> _What is being asked_
Report the number of lines below in which the word "mode" occurs. Nothing else is needed.

********************

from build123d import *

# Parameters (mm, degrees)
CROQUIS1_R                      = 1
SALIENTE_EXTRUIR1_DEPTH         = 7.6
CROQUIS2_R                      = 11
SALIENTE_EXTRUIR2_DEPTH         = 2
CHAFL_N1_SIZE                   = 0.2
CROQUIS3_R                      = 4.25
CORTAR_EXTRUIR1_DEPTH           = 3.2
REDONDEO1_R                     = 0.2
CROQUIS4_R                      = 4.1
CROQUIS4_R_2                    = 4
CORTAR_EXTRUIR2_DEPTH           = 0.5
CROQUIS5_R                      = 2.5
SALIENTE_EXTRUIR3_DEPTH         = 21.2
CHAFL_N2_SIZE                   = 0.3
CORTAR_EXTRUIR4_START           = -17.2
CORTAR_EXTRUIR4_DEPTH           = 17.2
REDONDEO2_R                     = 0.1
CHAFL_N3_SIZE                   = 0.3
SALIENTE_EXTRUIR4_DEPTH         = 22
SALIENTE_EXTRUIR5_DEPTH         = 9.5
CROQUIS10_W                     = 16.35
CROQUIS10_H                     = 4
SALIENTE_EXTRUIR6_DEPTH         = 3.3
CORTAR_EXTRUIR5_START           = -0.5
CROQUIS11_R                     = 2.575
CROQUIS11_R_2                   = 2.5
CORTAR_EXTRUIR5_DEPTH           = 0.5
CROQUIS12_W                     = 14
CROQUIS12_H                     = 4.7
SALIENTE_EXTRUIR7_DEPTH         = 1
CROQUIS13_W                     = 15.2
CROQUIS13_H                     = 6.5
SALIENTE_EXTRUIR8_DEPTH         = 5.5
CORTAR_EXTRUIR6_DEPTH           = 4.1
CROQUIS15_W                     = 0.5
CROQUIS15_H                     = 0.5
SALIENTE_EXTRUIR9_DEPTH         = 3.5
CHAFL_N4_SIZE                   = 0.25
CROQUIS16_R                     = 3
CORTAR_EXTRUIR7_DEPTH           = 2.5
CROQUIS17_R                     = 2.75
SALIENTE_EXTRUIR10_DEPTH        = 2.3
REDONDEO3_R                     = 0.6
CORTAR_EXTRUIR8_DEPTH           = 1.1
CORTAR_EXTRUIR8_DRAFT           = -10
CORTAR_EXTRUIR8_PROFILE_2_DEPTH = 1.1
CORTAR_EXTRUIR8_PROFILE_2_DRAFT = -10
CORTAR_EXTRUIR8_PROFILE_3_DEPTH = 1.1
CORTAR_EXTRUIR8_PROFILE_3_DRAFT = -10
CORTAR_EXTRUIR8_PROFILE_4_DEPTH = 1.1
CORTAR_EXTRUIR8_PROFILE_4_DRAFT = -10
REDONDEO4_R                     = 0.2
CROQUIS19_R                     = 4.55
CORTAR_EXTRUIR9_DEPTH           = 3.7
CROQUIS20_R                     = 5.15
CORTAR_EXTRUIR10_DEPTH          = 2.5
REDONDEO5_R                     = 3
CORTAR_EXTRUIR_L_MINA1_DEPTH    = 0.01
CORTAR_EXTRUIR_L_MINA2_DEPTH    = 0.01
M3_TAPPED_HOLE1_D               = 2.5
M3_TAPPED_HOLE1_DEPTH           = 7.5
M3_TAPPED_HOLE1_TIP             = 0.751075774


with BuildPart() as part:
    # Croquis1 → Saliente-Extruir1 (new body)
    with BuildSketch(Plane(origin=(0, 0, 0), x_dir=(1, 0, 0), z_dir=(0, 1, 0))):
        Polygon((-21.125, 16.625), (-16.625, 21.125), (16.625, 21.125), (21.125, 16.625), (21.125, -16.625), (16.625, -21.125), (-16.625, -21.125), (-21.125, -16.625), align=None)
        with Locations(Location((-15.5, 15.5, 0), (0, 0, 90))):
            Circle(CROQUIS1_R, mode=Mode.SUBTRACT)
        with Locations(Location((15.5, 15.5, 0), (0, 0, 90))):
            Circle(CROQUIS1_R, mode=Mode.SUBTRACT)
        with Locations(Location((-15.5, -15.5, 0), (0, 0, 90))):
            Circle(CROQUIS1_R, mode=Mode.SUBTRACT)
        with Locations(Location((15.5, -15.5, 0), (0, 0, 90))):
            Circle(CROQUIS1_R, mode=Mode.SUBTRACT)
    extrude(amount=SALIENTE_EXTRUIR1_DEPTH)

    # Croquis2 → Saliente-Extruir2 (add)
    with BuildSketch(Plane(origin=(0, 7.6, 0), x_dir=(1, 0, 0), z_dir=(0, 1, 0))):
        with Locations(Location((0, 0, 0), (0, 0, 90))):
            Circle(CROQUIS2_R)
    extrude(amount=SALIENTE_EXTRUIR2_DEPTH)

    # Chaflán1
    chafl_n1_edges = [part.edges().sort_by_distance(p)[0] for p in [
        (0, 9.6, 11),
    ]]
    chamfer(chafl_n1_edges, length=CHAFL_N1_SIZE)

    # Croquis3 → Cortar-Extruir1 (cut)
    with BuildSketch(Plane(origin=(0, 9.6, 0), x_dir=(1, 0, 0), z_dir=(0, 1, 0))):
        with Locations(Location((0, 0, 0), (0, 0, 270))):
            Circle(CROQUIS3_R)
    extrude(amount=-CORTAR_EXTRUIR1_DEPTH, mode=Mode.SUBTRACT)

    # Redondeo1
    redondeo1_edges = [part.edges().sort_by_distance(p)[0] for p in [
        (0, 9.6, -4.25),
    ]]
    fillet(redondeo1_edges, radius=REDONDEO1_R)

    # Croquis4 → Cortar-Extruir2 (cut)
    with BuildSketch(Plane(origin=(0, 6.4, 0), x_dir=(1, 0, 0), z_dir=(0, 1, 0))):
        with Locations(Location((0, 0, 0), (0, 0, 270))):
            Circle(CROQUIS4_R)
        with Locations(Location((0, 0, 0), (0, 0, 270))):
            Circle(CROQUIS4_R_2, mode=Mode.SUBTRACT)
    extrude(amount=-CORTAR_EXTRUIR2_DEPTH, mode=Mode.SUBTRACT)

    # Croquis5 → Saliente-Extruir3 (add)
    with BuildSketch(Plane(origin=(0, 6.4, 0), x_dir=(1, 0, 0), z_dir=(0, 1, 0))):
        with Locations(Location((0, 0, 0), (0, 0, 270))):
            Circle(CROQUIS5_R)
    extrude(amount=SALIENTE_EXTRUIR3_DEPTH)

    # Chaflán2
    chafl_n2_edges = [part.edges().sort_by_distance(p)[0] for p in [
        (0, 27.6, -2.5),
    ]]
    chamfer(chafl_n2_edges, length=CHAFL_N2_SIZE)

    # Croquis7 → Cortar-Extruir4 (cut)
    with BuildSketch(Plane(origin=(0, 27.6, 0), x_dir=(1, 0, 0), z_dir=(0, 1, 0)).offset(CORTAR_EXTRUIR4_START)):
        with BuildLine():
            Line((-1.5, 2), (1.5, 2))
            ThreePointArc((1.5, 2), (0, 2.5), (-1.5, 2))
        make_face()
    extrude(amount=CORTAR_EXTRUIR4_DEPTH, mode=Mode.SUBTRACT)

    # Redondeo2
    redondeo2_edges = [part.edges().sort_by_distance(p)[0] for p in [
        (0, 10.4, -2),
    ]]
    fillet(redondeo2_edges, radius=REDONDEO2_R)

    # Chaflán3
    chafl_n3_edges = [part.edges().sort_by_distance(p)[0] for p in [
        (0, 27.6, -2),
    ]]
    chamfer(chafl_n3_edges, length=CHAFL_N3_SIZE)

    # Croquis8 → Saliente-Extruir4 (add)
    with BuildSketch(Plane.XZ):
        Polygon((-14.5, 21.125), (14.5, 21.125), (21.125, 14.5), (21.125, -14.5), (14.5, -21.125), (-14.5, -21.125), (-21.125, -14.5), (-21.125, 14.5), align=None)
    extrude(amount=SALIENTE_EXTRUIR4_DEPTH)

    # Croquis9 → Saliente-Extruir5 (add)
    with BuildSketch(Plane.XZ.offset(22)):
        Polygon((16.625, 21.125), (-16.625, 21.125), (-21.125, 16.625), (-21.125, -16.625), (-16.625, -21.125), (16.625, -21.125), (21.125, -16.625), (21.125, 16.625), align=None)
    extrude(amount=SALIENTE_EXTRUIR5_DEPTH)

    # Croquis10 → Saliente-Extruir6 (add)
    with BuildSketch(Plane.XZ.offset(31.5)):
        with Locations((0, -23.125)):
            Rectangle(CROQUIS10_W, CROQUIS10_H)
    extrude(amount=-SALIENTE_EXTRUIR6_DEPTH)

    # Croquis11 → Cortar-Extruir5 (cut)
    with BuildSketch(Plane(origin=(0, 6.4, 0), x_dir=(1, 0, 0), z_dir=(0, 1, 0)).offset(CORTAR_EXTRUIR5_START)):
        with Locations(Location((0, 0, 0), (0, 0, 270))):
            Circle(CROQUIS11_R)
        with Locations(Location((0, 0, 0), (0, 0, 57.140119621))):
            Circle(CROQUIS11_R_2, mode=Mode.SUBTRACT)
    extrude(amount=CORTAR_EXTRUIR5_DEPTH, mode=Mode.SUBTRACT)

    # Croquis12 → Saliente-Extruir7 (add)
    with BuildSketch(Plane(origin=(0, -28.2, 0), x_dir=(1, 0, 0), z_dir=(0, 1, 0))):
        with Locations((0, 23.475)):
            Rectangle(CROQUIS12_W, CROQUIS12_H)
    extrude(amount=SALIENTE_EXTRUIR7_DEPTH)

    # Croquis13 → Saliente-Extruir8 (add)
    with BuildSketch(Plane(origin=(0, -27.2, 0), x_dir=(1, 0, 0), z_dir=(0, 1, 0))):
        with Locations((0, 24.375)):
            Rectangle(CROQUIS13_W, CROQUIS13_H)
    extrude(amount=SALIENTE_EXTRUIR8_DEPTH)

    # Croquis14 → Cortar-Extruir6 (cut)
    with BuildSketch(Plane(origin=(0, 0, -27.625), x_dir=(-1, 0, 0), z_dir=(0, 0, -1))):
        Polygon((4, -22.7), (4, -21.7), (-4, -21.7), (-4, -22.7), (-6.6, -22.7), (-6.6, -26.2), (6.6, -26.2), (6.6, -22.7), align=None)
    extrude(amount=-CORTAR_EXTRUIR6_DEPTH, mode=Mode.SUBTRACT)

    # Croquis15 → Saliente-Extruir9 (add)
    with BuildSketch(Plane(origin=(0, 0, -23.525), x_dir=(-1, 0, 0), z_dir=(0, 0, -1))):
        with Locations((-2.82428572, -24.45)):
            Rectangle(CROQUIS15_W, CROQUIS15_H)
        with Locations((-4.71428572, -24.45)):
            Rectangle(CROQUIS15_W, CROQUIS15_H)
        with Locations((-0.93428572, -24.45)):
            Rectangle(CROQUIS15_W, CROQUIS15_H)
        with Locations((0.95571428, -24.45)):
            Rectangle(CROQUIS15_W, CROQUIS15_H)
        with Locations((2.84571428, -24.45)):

********************

> _Exercise output_
11